Para las elecciones de 2027, el nuevo modelo ya estaría en funcionamiento, aunque con un margen de error mayor. Sin las oficinas locales, la logística de las votaciones en zonas rurales —donde el 22% del padrón electoral reside— dependería de estructuras temporales y personal eventual, algo que ningún sistema electoral en América Latina ha probado a esta escala.

El plan B de AMLO para reformar el INE sin tocar la Constitución confirma su determinación por reconfigurar el sistema electoral mexicano, aunque ahora con ajustes técnicos que buscan esquivar los obstáculos legales y políticos que frenaron su primera propuesta. Los 10 cambios anunciados—desde la reducción de consejeros electorales hasta la eliminación de multas a partidos—reflejan una estrategia más pragmática, pero igual de ambiciosa, que pondrá a prueba tanto la capacidad de negociación del gobierno como la resistencia de las oposiciones y la sociedad civil.
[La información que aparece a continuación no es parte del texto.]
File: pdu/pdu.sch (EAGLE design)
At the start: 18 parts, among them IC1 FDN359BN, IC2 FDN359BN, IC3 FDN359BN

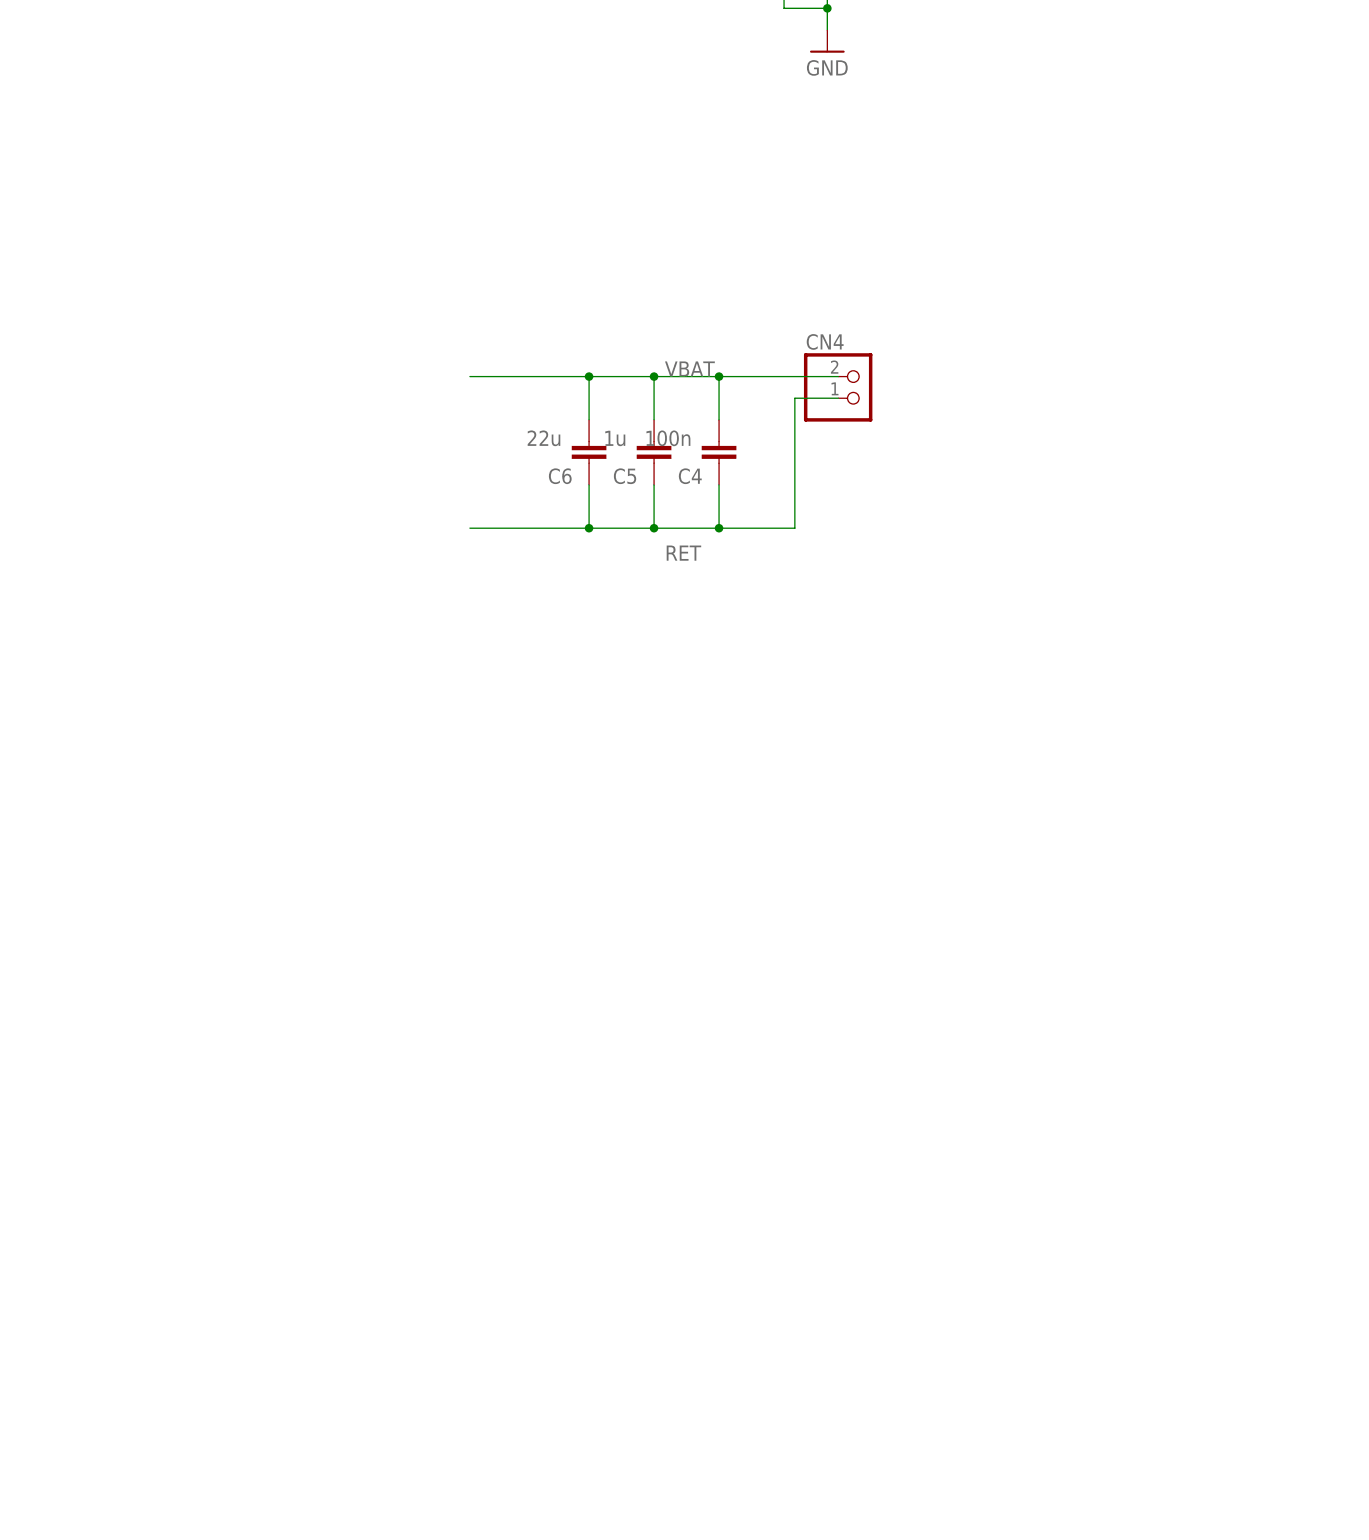
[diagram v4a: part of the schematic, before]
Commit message: fill length with conns
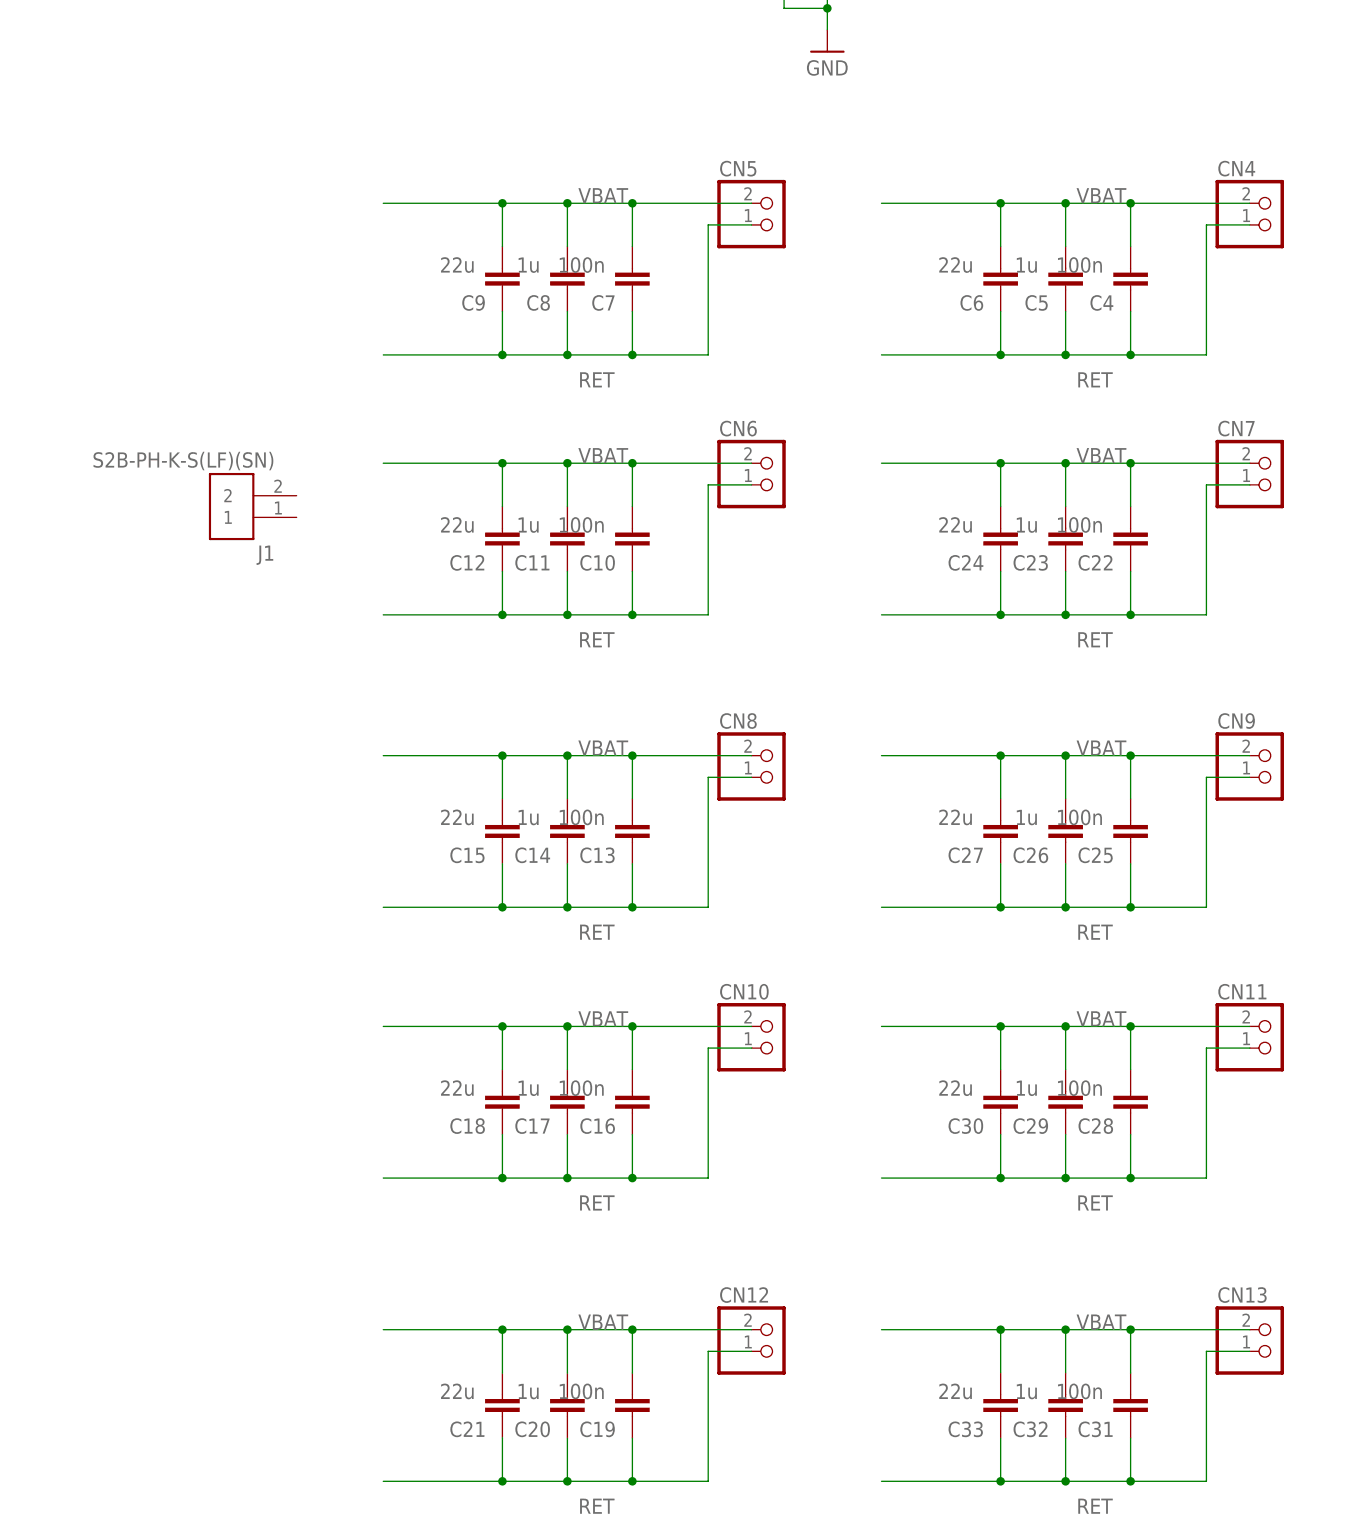
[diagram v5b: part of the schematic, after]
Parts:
- added C10, C13, C16, C19, C22, C25, C28, C31, C7: 100n, Capacitor:C_CHIP-0603(1608-METRIC)
- added C11, C14, C17, C20, C23, C26, C29, C32, C8: 1u, Capacitor:C_CHIP-0603(1608-METRIC)
- added C12, C15, C18, C21, C24, C27, C30, C33, C9: 22u, Capacitor:C_CHIP-0603(1608-METRIC)
- added CN10, CN11, CN12, CN13, CN5, CN6, CN7, CN8, CN9: (no value), adafruit:JST_2PIN-THM-RA
- added J1: S2B-PH-K-S(LF)(SN), Connectors:S2B-PH-K-S(LF)(SN)
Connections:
- net RET: now also C10.1, C11.1, C12.1, C13.1, C14.1, C15.1, C16.1, C17.1, C18.1, C19.1, C20.1, C21.1, C22.1, C23.1, C24.1, C25.1, C26.1, C27.1, C28.1, C29.1, C30.1, C31.1, C32.1, C33.1, C7.1, C8.1, C9.1, CN10.2, CN11.2, CN12.2, CN13.2, CN5.2, CN6.2, CN7.2, CN8.2, CN9.2
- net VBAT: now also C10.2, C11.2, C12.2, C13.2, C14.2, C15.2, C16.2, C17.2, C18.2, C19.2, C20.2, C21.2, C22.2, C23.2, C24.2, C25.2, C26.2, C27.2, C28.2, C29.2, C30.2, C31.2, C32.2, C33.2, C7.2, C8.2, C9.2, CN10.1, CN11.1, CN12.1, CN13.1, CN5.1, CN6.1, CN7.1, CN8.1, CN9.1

Quienes sigan de cerca este proceso harían bien en analizar no solo el texto de las reformas, sino su posible impacto en la autonomía del INE y en la confianza ciudadana de cara a 2024, cuando el país enfrentará elecciones históricas. Lo que viene no será un debate jurídico, sino una batalla por el equilibrio de poder en la democracia mexicana.